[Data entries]
------------

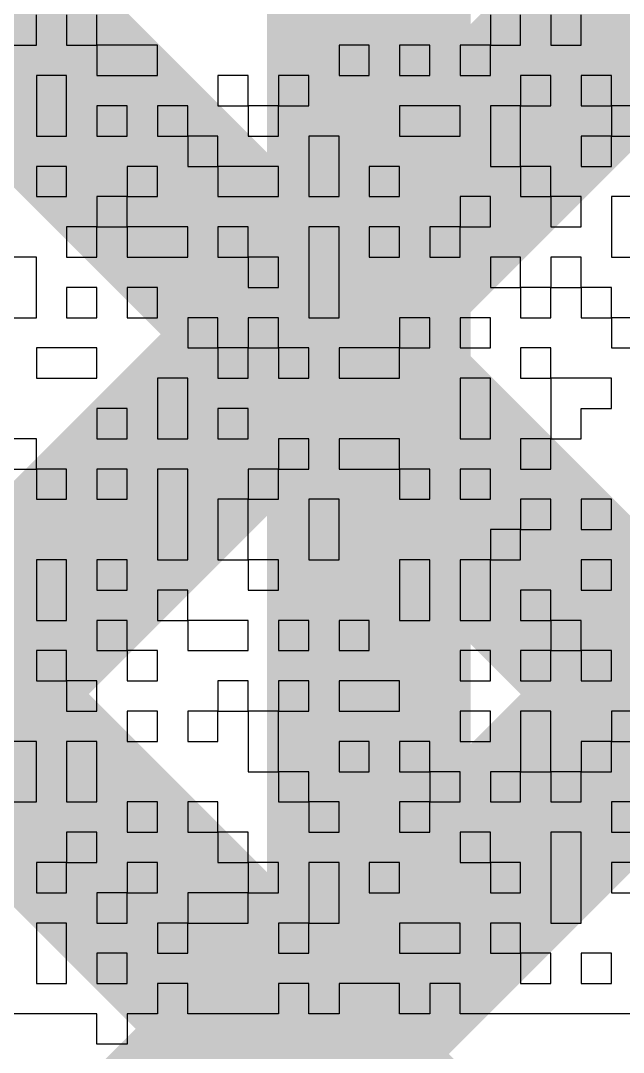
# Model space of a CAD drawing. Header units: millimetres. Extents: x 3.06 to 5.82, y 1.29 to 3.84.
# Drawn here: x 4.61332 to 4.637, y 1.85268 to 1.89322 of the extents above; entities that cross this region are included whole.
import ezdxf

# ---------------------------------------------------------------- set-up
doc = ezdxf.new("R2010")
doc.units = ezdxf.units.MM
doc.header["$MEASUREMENT"] = 0
for name, color, linetype in [('BottomLayer', 5, 'Continuous'), ('TopLayer', 1, 'Continuous'), ('TopOverlay', 2, 'Continuous')]:
    doc.layers.add(name, color=color, linetype=linetype)

msp = doc.modelspace()

# ---------------------------------------------------------------- linework, layer by layer
at = {"layer": 'BottomLayer', "const_width": 0.008}
for points in [[(4.26286, 1.491), (4.728458, 1.956598)], [(4.548786, 1.956598), (5.014384, 1.491)], [(4.57707, 1.956598), (5.022308, 1.511361)], [(4.602187, 1.886896), (4.671889, 1.956598)], [(4.603589, 1.860014), (4.700174, 1.956598)], [(4.605987, 1.871113), (4.9861, 1.491)]]:
    msp.add_lwpolyline(points, dxfattribs=at)
at = {"layer": 'TopLayer'}
for points, const_width in [([(4.627, 1.857113), (4.627, 1.971887)], 0.008), ([(4.577984, 1.9274), (4.627, 1.878384)], 0.008), ([(4.602534, 1.887243), (4.627, 1.911709)], 0.008), ([(4.602743, 1.859168), (4.627, 1.883425)], 0.008), ([(4.605945, 1.871155), (4.623494, 1.853606)], 0.008), ([(4.617887, 1.848), (4.627, 1.857113)], 0.008), ([(4.627, 1.826), (4.649, 1.848)], 0.022)]:
    msp.add_lwpolyline(points, dxfattribs=dict(at, const_width=const_width))
at = {"layer": 'TopLayer', "const_width": 0.004}
for points in [[(4.625, 1.883425, 1), (4.629, 1.883425, 1)], [(4.625, 1.878384, 1), (4.629, 1.878384, 1)], [(4.625, 1.857113, 1), (4.629, 1.857113, 1)], [(4.625, 1.857113, 1), (4.629, 1.857113, 1)], [(4.621494, 1.853606, 1), (4.625494, 1.853606, 1)]]:
    msp.add_lwpolyline(points, format="xyb", close=True, dxfattribs=at)
at = {"layer": 'TopOverlay'}
for p, q in [((4.613934, 1.892254), (4.613934, 1.893443)), ((4.615123, 1.893443), (4.615123, 1.892254)), ((4.616313, 1.892254), (4.616313, 1.893443)), ((4.631773, 1.893443), (4.631773, 1.892254)), ((4.632962, 1.892254), (4.632962, 1.893443)), ((4.634151, 1.893443), (4.634151, 1.892254)), ((4.635341, 1.892254), (4.635341, 1.893443)), ((4.612745, 1.892254), (4.613934, 1.892254)), ((4.615123, 1.892254), (4.616313, 1.892254)), ((4.616313, 1.892254), (4.616313, 1.891065)), ((4.618691, 1.892254), (4.616313, 1.892254)), ((4.618691, 1.891065), (4.618691, 1.892254)), ((4.627016, 1.892254), (4.625827, 1.892254)), ((4.625827, 1.892254), (4.625827, 1.891065)), ((4.627016, 1.891065), (4.627016, 1.892254)), ((4.629394, 1.892254), (4.628205, 1.892254)), ((4.628205, 1.892254), (4.628205, 1.891065)), ((4.629394, 1.891065), (4.629394, 1.892254)), ((4.631773, 1.892254), (4.630584, 1.892254)), ((4.630584, 1.892254), (4.630584, 1.891065)), ((4.631773, 1.892254), (4.632962, 1.892254)), ((4.631773, 1.891065), (4.631773, 1.892254)), ((4.634151, 1.892254), (4.635341, 1.892254)), ((4.615123, 1.891065), (4.613934, 1.891065)), ((4.613934, 1.891065), (4.613934, 1.889875)), ((4.615123, 1.889875), (4.615123, 1.891065)), ((4.616313, 1.891065), (4.618691, 1.891065)), ((4.622259, 1.891065), (4.62107, 1.891065)), ((4.62107, 1.891065), (4.62107, 1.889875)), ((4.622259, 1.889875), (4.622259, 1.891065)), ((4.624637, 1.891065), (4.623448, 1.891065)), ((4.623448, 1.891065), (4.623448, 1.889875)), ((4.624637, 1.889875), (4.624637, 1.891065)), ((4.625827, 1.891065), (4.627016, 1.891065)), ((4.628205, 1.891065), (4.629394, 1.891065)), ((4.630584, 1.891065), (4.631773, 1.891065)), ((4.634151, 1.891065), (4.632962, 1.891065)), ((4.632962, 1.891065), (4.632962, 1.889875)), ((4.634151, 1.889875), (4.634151, 1.891065)), ((4.63653, 1.891065), (4.635341, 1.891065)), ((4.635341, 1.891065), (4.635341, 1.889875)), ((4.63653, 1.889875), (4.63653, 1.891065)), ((4.613934, 1.889875), (4.613934, 1.888686)), ((4.615123, 1.888686), (4.615123, 1.889875)), ((4.617502, 1.889875), (4.616313, 1.889875)), ((4.616313, 1.889875), (4.616313, 1.888686)), ((4.617502, 1.888686), (4.617502, 1.889875)), ((4.61988, 1.889875), (4.618691, 1.889875)), ((4.618691, 1.889875), (4.618691, 1.888686)), ((4.61988, 1.888686), (4.61988, 1.889875)), ((4.62107, 1.889875), (4.622259, 1.889875)), ((4.622259, 1.889875), (4.622259, 1.888686)), ((4.623448, 1.889875), (4.622259, 1.889875)), ((4.623448, 1.889875), (4.624637, 1.889875)), ((4.623448, 1.888686), (4.623448, 1.889875)), ((4.630584, 1.889875), (4.628205, 1.889875)), ((4.628205, 1.889875), (4.628205, 1.888686)), ((4.630584, 1.888686), (4.630584, 1.889875)), ((4.632962, 1.889875), (4.631773, 1.889875)), ((4.631773, 1.889875), (4.631773, 1.888686)), ((4.632962, 1.889875), (4.634151, 1.889875)), ((4.632962, 1.888686), (4.632962, 1.889875)), ((4.635341, 1.889875), (4.63653, 1.889875)), ((4.63653, 1.889875), (4.63653, 1.888686)), ((4.637719, 1.889875), (4.63653, 1.889875)), ((4.613934, 1.888686), (4.615123, 1.888686)), ((4.616313, 1.888686), (4.617502, 1.888686)), ((4.618691, 1.888686), (4.61988, 1.888686)), ((4.61988, 1.888686), (4.61988, 1.887497)), ((4.62107, 1.888686), (4.61988, 1.888686)), ((4.62107, 1.887497), (4.62107, 1.888686)), ((4.622259, 1.888686), (4.623448, 1.888686)), ((4.625827, 1.888686), (4.624637, 1.888686)), ((4.624637, 1.888686), (4.624637, 1.887497)), ((4.625827, 1.887497), (4.625827, 1.888686)), ((4.628205, 1.888686), (4.630584, 1.888686)), ((4.631773, 1.888686), (4.631773, 1.887497)), ((4.632962, 1.887497), (4.632962, 1.888686)), ((4.63653, 1.888686), (4.635341, 1.888686)), ((4.635341, 1.888686), (4.635341, 1.887497)), ((4.63653, 1.888686), (4.637719, 1.888686)), ((4.63653, 1.887497), (4.63653, 1.888686)), ((4.615123, 1.887497), (4.613934, 1.887497)), ((4.613934, 1.887497), (4.613934, 1.886308)), ((4.615123, 1.886308), (4.615123, 1.887497)), ((4.618691, 1.887497), (4.617502, 1.887497)), ((4.617502, 1.887497), (4.617502, 1.886308)), ((4.618691, 1.886308), (4.618691, 1.887497)), ((4.61988, 1.887497), (4.62107, 1.887497)), ((4.62107, 1.887497), (4.62107, 1.886308)), ((4.623448, 1.887497), (4.62107, 1.887497)), ((4.623448, 1.886308), (4.623448, 1.887497)), ((4.624637, 1.887497), (4.624637, 1.886308)), ((4.625827, 1.886308), (4.625827, 1.887497)), ((4.628205, 1.887497), (4.627016, 1.887497)), ((4.627016, 1.887497), (4.627016, 1.886308)), ((4.628205, 1.886308), (4.628205, 1.887497)), ((4.631773, 1.887497), (4.632962, 1.887497)), ((4.632962, 1.887497), (4.632962, 1.886308)), ((4.634151, 1.887497), (4.632962, 1.887497)), ((4.634151, 1.886308), (4.634151, 1.887497)), ((4.635341, 1.887497), (4.63653, 1.887497)), ((4.613934, 1.886308), (4.615123, 1.886308)), ((4.617502, 1.886308), (4.616313, 1.886308)), ((4.616313, 1.886308), (4.616313, 1.885118)), ((4.617502, 1.886308), (4.618691, 1.886308)), ((4.617502, 1.885118), (4.617502, 1.886308)), ((4.62107, 1.886308), (4.623448, 1.886308)), ((4.624637, 1.886308), (4.625827, 1.886308)), ((4.627016, 1.886308), (4.628205, 1.886308)), ((4.631773, 1.886308), (4.630584, 1.886308)), ((4.630584, 1.886308), (4.630584, 1.885118)), ((4.631773, 1.885118), (4.631773, 1.886308)), ((4.632962, 1.886308), (4.634151, 1.886308)), ((4.634151, 1.886308), (4.634151, 1.885118)), ((4.635341, 1.886308), (4.634151, 1.886308)), ((4.635341, 1.885118), (4.635341, 1.886308)), ((4.637719, 1.886308), (4.63653, 1.886308)), ((4.63653, 1.886308), (4.63653, 1.885118)), ((4.616313, 1.885118), (4.615123, 1.885118)), ((4.615123, 1.885118), (4.615123, 1.883929)), ((4.616313, 1.885118), (4.617502, 1.885118)), ((4.616313, 1.883929), (4.616313, 1.885118)), ((4.617502, 1.885118), (4.617502, 1.883929)), ((4.61988, 1.885118), (4.617502, 1.885118)), ((4.61988, 1.883929), (4.61988, 1.885118)), ((4.622259, 1.885118), (4.62107, 1.885118)), ((4.62107, 1.885118), (4.62107, 1.883929)), ((4.622259, 1.883929), (4.622259, 1.885118)), ((4.625827, 1.885118), (4.624637, 1.885118)), ((4.624637, 1.885118), (4.624637, 1.883929)), ((4.625827, 1.883929), (4.625827, 1.885118)), ((4.628205, 1.885118), (4.627016, 1.885118)), ((4.627016, 1.885118), (4.627016, 1.883929)), ((4.628205, 1.883929), (4.628205, 1.885118)), ((4.630584, 1.885118), (4.629394, 1.885118)), ((4.629394, 1.885118), (4.629394, 1.883929)), ((4.630584, 1.885118), (4.631773, 1.885118)), ((4.630584, 1.883929), (4.630584, 1.885118)), ((4.634151, 1.885118), (4.635341, 1.885118)), ((4.63653, 1.885118), (4.63653, 1.883929)), ((4.613934, 1.883929), (4.612745, 1.883929)), ((4.613934, 1.88274), (4.613934, 1.883929)), ((4.615123, 1.883929), (4.616313, 1.883929)), ((4.617502, 1.883929), (4.61988, 1.883929)), ((4.62107, 1.883929), (4.622259, 1.883929)), ((4.622259, 1.883929), (4.622259, 1.88274)), ((4.623448, 1.883929), (4.622259, 1.883929)), ((4.623448, 1.88274), (4.623448, 1.883929)), ((4.624637, 1.883929), (4.624637, 1.88274)), ((4.625827, 1.88274), (4.625827, 1.883929)), ((4.627016, 1.883929), (4.628205, 1.883929)), ((4.629394, 1.883929), (4.630584, 1.883929)), ((4.632962, 1.883929), (4.631773, 1.883929)), ((4.631773, 1.883929), (4.631773, 1.88274)), ((4.632962, 1.88274), (4.632962, 1.883929)), ((4.635341, 1.883929), (4.634151, 1.883929)), ((4.634151, 1.883929), (4.634151, 1.88274)), ((4.635341, 1.88274), (4.635341, 1.883929)), ((4.63653, 1.883929), (4.637719, 1.883929)), ((4.613934, 1.881551), (4.613934, 1.88274)), ((4.616313, 1.88274), (4.615123, 1.88274)), ((4.615123, 1.88274), (4.615123, 1.881551)), ((4.616313, 1.881551), (4.616313, 1.88274)), ((4.618691, 1.88274), (4.617502, 1.88274)), ((4.617502, 1.88274), (4.617502, 1.881551)), ((4.618691, 1.881551), (4.618691, 1.88274)), ((4.622259, 1.88274), (4.623448, 1.88274)), ((4.624637, 1.88274), (4.624637, 1.881551)), ((4.625827, 1.881551), (4.625827, 1.88274)), ((4.631773, 1.88274), (4.632962, 1.88274)), ((4.632962, 1.88274), (4.632962, 1.881551)), ((4.634151, 1.88274), (4.632962, 1.88274)), ((4.634151, 1.881551), (4.634151, 1.88274)), ((4.634151, 1.88274), (4.635341, 1.88274)), ((4.635341, 1.88274), (4.635341, 1.881551)), ((4.63653, 1.88274), (4.635341, 1.88274)), ((4.63653, 1.881551), (4.63653, 1.88274)), ((4.612745, 1.881551), (4.613934, 1.881551)), ((4.615123, 1.881551), (4.616313, 1.881551)), ((4.617502, 1.881551), (4.618691, 1.881551)), ((4.62107, 1.881551), (4.61988, 1.881551)), ((4.61988, 1.881551), (4.61988, 1.880361)), ((4.62107, 1.880361), (4.62107, 1.881551)), ((4.623448, 1.881551), (4.622259, 1.881551)), ((4.622259, 1.881551), (4.622259, 1.880361)), ((4.623448, 1.880361), (4.623448, 1.881551)), ((4.624637, 1.881551), (4.625827, 1.881551)), ((4.629394, 1.881551), (4.628205, 1.881551)), ((4.628205, 1.881551), (4.628205, 1.880361)), ((4.629394, 1.880361), (4.629394, 1.881551)), ((4.631773, 1.881551), (4.630584, 1.881551)), ((4.630584, 1.881551), (4.630584, 1.880361)), ((4.631773, 1.880361), (4.631773, 1.881551)), ((4.632962, 1.881551), (4.634151, 1.881551)), ((4.635341, 1.881551), (4.63653, 1.881551)), ((4.63653, 1.881551), (4.63653, 1.880361)), ((4.637719, 1.881551), (4.63653, 1.881551)), ((4.616313, 1.880361), (4.613934, 1.880361)), ((4.613934, 1.880361), (4.613934, 1.879172)), ((4.616313, 1.879172), (4.616313, 1.880361)), ((4.61988, 1.880361), (4.62107, 1.880361)), ((4.62107, 1.880361), (4.62107, 1.879172)), ((4.622259, 1.880361), (4.62107, 1.880361)), ((4.622259, 1.880361), (4.623448, 1.880361)), ((4.622259, 1.879172), (4.622259, 1.880361)), ((4.623448, 1.880361), (4.623448, 1.879172)), ((4.624637, 1.880361), (4.623448, 1.880361)), ((4.624637, 1.879172), (4.624637, 1.880361)), ((4.628205, 1.880361), (4.625827, 1.880361)), ((4.625827, 1.880361), (4.625827, 1.879172)), ((4.628205, 1.880361), (4.629394, 1.880361)), ((4.628205, 1.879172), (4.628205, 1.880361)), ((4.630584, 1.880361), (4.631773, 1.880361)), ((4.634151, 1.880361), (4.632962, 1.880361)), ((4.632962, 1.880361), (4.632962, 1.879172)), ((4.634151, 1.879172), (4.634151, 1.880361)), ((4.63653, 1.880361), (4.637719, 1.880361)), ((4.613934, 1.879172), (4.616313, 1.879172)), ((4.61988, 1.879172), (4.618691, 1.879172)), ((4.618691, 1.879172), (4.618691, 1.877983)), ((4.61988, 1.877983), (4.61988, 1.879172)), ((4.62107, 1.879172), (4.622259, 1.879172)), ((4.623448, 1.879172), (4.624637, 1.879172)), ((4.625827, 1.879172), (4.628205, 1.879172)), ((4.631773, 1.879172), (4.630584, 1.879172)), ((4.630584, 1.879172), (4.630584, 1.877983)), ((4.631773, 1.877983), (4.631773, 1.879172)), ((4.632962, 1.879172), (4.634151, 1.879172)), ((4.634151, 1.879172), (4.634151, 1.877983)), ((4.63653, 1.879172), (4.634151, 1.879172)), ((4.63653, 1.877983), (4.63653, 1.879172)), ((4.617502, 1.877983), (4.616313, 1.877983)), ((4.616313, 1.877983), (4.616313, 1.876794)), ((4.617502, 1.876794), (4.617502, 1.877983)), ((4.618691, 1.877983), (4.618691, 1.876794)), ((4.61988, 1.876794), (4.61988, 1.877983)), ((4.622259, 1.877983), (4.62107, 1.877983)), ((4.62107, 1.877983), (4.62107, 1.876794)), ((4.622259, 1.876794), (4.622259, 1.877983)), ((4.630584, 1.877983), (4.630584, 1.876794)), ((4.631773, 1.876794), (4.631773, 1.877983)), ((4.634151, 1.877983), (4.634151, 1.876794)), ((4.635341, 1.876794), (4.635341, 1.877983)), ((4.635341, 1.877983), (4.63653, 1.877983)), ((4.613934, 1.876794), (4.611556, 1.876794)), ((4.613934, 1.875604), (4.613934, 1.876794)), ((4.616313, 1.876794), (4.617502, 1.876794)), ((4.618691, 1.876794), (4.61988, 1.876794)), ((4.62107, 1.876794), (4.622259, 1.876794)), ((4.624637, 1.876794), (4.623448, 1.876794)), ((4.623448, 1.876794), (4.623448, 1.875604)), ((4.624637, 1.875604), (4.624637, 1.876794)), ((4.628205, 1.876794), (4.625827, 1.876794)), ((4.625827, 1.876794), (4.625827, 1.875604)), ((4.628205, 1.875604), (4.628205, 1.876794)), ((4.630584, 1.876794), (4.631773, 1.876794)), ((4.634151, 1.876794), (4.632962, 1.876794)), ((4.632962, 1.876794), (4.632962, 1.875604)), ((4.634151, 1.876794), (4.635341, 1.876794)), ((4.634151, 1.875604), (4.634151, 1.876794)), ((4.611556, 1.875604), (4.613934, 1.875604)), ((4.613934, 1.875604), (4.613934, 1.874415)), ((4.615123, 1.875604), (4.613934, 1.875604)), ((4.615123, 1.874415), (4.615123, 1.875604)), ((4.617502, 1.875604), (4.616313, 1.875604)), ((4.616313, 1.875604), (4.616313, 1.874415)), ((4.617502, 1.874415), (4.617502, 1.875604)), ((4.61988, 1.875604), (4.618691, 1.875604)), ((4.618691, 1.875604), (4.618691, 1.874415)), ((4.61988, 1.874415), (4.61988, 1.875604)), ((4.623448, 1.875604), (4.622259, 1.875604)), ((4.622259, 1.875604), (4.622259, 1.874415)), ((4.623448, 1.875604), (4.624637, 1.875604)), ((4.623448, 1.874415), (4.623448, 1.875604)), ((4.625827, 1.875604), (4.628205, 1.875604)), ((4.628205, 1.875604), (4.628205, 1.874415)), ((4.629394, 1.875604), (4.628205, 1.875604)), ((4.629394, 1.874415), (4.629394, 1.875604)), ((4.631773, 1.875604), (4.630584, 1.875604)), ((4.630584, 1.875604), (4.630584, 1.874415)), ((4.631773, 1.874415), (4.631773, 1.875604)), ((4.632962, 1.875604), (4.634151, 1.875604)), ((4.613934, 1.874415), (4.615123, 1.874415)), ((4.616313, 1.874415), (4.617502, 1.874415)), ((4.618691, 1.874415), (4.618691, 1.873226)), ((4.61988, 1.873226), (4.61988, 1.874415)), ((4.622259, 1.874415), (4.62107, 1.874415)), ((4.62107, 1.874415), (4.62107, 1.873226)), ((4.622259, 1.874415), (4.623448, 1.874415)), ((4.622259, 1.873226), (4.622259, 1.874415)), ((4.625827, 1.874415), (4.624637, 1.874415)), ((4.624637, 1.874415), (4.624637, 1.873226)), ((4.625827, 1.873226), (4.625827, 1.874415)), ((4.628205, 1.874415), (4.629394, 1.874415)), ((4.630584, 1.874415), (4.631773, 1.874415)), ((4.634151, 1.874415), (4.632962, 1.874415)), ((4.632962, 1.874415), (4.632962, 1.873226)), ((4.634151, 1.873226), (4.634151, 1.874415)), ((4.63653, 1.874415), (4.635341, 1.874415)), ((4.635341, 1.874415), (4.635341, 1.873226)), ((4.63653, 1.873226), (4.63653, 1.874415)), ((4.618691, 1.873226), (4.618691, 1.872037)), ((4.61988, 1.872037), (4.61988, 1.873226)), ((4.62107, 1.873226), (4.62107, 1.872037)), ((4.622259, 1.872037), (4.622259, 1.873226)), ((4.624637, 1.873226), (4.624637, 1.872037)), ((4.625827, 1.872037), (4.625827, 1.873226)), ((4.632962, 1.873226), (4.631773, 1.873226)), ((4.631773, 1.873226), (4.631773, 1.872037)), ((4.632962, 1.873226), (4.634151, 1.873226)), ((4.632962, 1.872037), (4.632962, 1.873226)), ((4.635341, 1.873226), (4.63653, 1.873226)), ((4.615123, 1.872037), (4.613934, 1.872037)), ((4.613934, 1.872037), (4.613934, 1.870847)), ((4.615123, 1.870847), (4.615123, 1.872037)), ((4.617502, 1.872037), (4.616313, 1.872037)), ((4.616313, 1.872037), (4.616313, 1.870847)), ((4.617502, 1.870847), (4.617502, 1.872037)), ((4.618691, 1.872037), (4.61988, 1.872037)), ((4.62107, 1.872037), (4.622259, 1.872037)), ((4.622259, 1.872037), (4.622259, 1.870847)), ((4.623448, 1.872037), (4.622259, 1.872037)), ((4.623448, 1.870847), (4.623448, 1.872037)), ((4.624637, 1.872037), (4.625827, 1.872037)), ((4.629394, 1.872037), (4.628205, 1.872037)), ((4.628205, 1.872037), (4.628205, 1.870847)), ((4.629394, 1.870847), (4.629394, 1.872037)), ((4.631773, 1.872037), (4.630584, 1.872037)), ((4.630584, 1.872037), (4.630584, 1.870847)), ((4.631773, 1.872037), (4.632962, 1.872037)), ((4.631773, 1.870847), (4.631773, 1.872037)), ((4.63653, 1.872037), (4.635341, 1.872037)), ((4.635341, 1.872037), (4.635341, 1.870847)), ((4.63653, 1.870847), (4.63653, 1.872037)), ((4.613934, 1.870847), (4.613934, 1.869658)), ((4.615123, 1.869658), (4.615123, 1.870847)), ((4.616313, 1.870847), (4.617502, 1.870847)), ((4.61988, 1.870847), (4.618691, 1.870847)), ((4.618691, 1.870847), (4.618691, 1.869658)), ((4.61988, 1.869658), (4.61988, 1.870847)), ((4.622259, 1.870847), (4.623448, 1.870847)), ((4.628205, 1.870847), (4.628205, 1.869658)), ((4.629394, 1.869658), (4.629394, 1.870847)), ((4.630584, 1.870847), (4.630584, 1.869658)), ((4.631773, 1.869658), (4.631773, 1.870847)), ((4.634151, 1.870847), (4.632962, 1.870847)), ((4.632962, 1.870847), (4.632962, 1.869658)), ((4.634151, 1.869658), (4.634151, 1.870847)), ((4.635341, 1.870847), (4.63653, 1.870847)), ((4.613934, 1.869658), (4.615123, 1.869658)), ((4.617502, 1.869658), (4.616313, 1.869658)), ((4.616313, 1.869658), (4.616313, 1.868469)), ((4.617502, 1.868469), (4.617502, 1.869658)), ((4.618691, 1.869658), (4.61988, 1.869658)), ((4.61988, 1.869658), (4.61988, 1.868469)), ((4.622259, 1.869658), (4.61988, 1.869658)), ((4.622259, 1.868469), (4.622259, 1.869658)), ((4.624637, 1.869658), (4.623448, 1.869658)), ((4.623448, 1.869658), (4.623448, 1.868469)), ((4.624637, 1.868469), (4.624637, 1.869658)), ((4.627016, 1.869658), (4.625827, 1.869658)), ((4.625827, 1.869658), (4.625827, 1.868469)), ((4.627016, 1.868469), (4.627016, 1.869658)), ((4.628205, 1.869658), (4.629394, 1.869658)), ((4.630584, 1.869658), (4.631773, 1.869658)), ((4.632962, 1.869658), (4.634151, 1.869658)), ((4.634151, 1.869658), (4.634151, 1.868469)), ((4.635341, 1.869658), (4.634151, 1.869658)), ((4.635341, 1.868469), (4.635341, 1.869658)), ((4.615123, 1.868469), (4.613934, 1.868469)), ((4.613934, 1.868469), (4.613934, 1.867279)), ((4.615123, 1.867279), (4.615123, 1.868469)), ((4.616313, 1.868469), (4.617502, 1.868469)), ((4.617502, 1.868469), (4.617502, 1.867279)), ((4.618691, 1.868469), (4.617502, 1.868469)), ((4.618691, 1.867279), (4.618691, 1.868469)), ((4.61988, 1.868469), (4.622259, 1.868469)), ((4.623448, 1.868469), (4.624637, 1.868469)), ((4.625827, 1.868469), (4.627016, 1.868469)), ((4.631773, 1.868469), (4.630584, 1.868469)), ((4.630584, 1.868469), (4.630584, 1.867279)), ((4.631773, 1.867279), (4.631773, 1.868469)), ((4.634151, 1.868469), (4.632962, 1.868469)), ((4.632962, 1.868469), (4.632962, 1.867279)), ((4.634151, 1.868469), (4.635341, 1.868469)), ((4.634151, 1.867279), (4.634151, 1.868469)), ((4.635341, 1.868469), (4.635341, 1.867279)), ((4.63653, 1.868469), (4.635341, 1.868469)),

------------

Work instructions -
The answer must be the lines above, word for word, from the first one through the line with "for points, const_width", pictures excluded.

Solution to this exercise -
# Model space of a CAD drawing. Header units: millimetres. Extents: x 3.06 to 5.82, y 1.29 to 3.84.
# Drawn here: x 4.61332 to 4.637, y 1.85268 to 1.89322 of the extents above; entities that cross this region are included whole.
import ezdxf

# ---------------------------------------------------------------- set-up
doc = ezdxf.new("R2010")
doc.units = ezdxf.units.MM
doc.header["$MEASUREMENT"] = 0
for name, color, linetype in [('BottomLayer', 5, 'Continuous'), ('TopLayer', 1, 'Continuous'), ('TopOverlay', 2, 'Continuous')]:
    doc.layers.add(name, color=color, linetype=linetype)

msp = doc.modelspace()

# ---------------------------------------------------------------- linework, layer by layer
at = {"layer": 'BottomLayer', "const_width": 0.008}
for points in [[(4.26286, 1.491), (4.728458, 1.956598)], [(4.548786, 1.956598), (5.014384, 1.491)], [(4.57707, 1.956598), (5.022308, 1.511361)], [(4.602187, 1.886896), (4.671889, 1.956598)], [(4.603589, 1.860014), (4.700174, 1.956598)], [(4.605987, 1.871113), (4.9861, 1.491)]]:
    msp.add_lwpolyline(points, dxfattribs=at)
at = {"layer": 'TopLayer'}
for points, const_width in [([(4.627, 1.857113), (4.627, 1.971887)], 0.008), ([(4.577984, 1.9274), (4.627, 1.878384)], 0.008), ([(4.602534, 1.887243), (4.627, 1.911709)], 0.008), ([(4.602743, 1.859168), (4.627, 1.883425)], 0.008), ([(4.605945, 1.871155), (4.623494, 1.853606)], 0.008), ([(4.617887, 1.848), (4.627, 1.857113)], 0.008), ([(4.627, 1.826), (4.649, 1.848)], 0.022)]:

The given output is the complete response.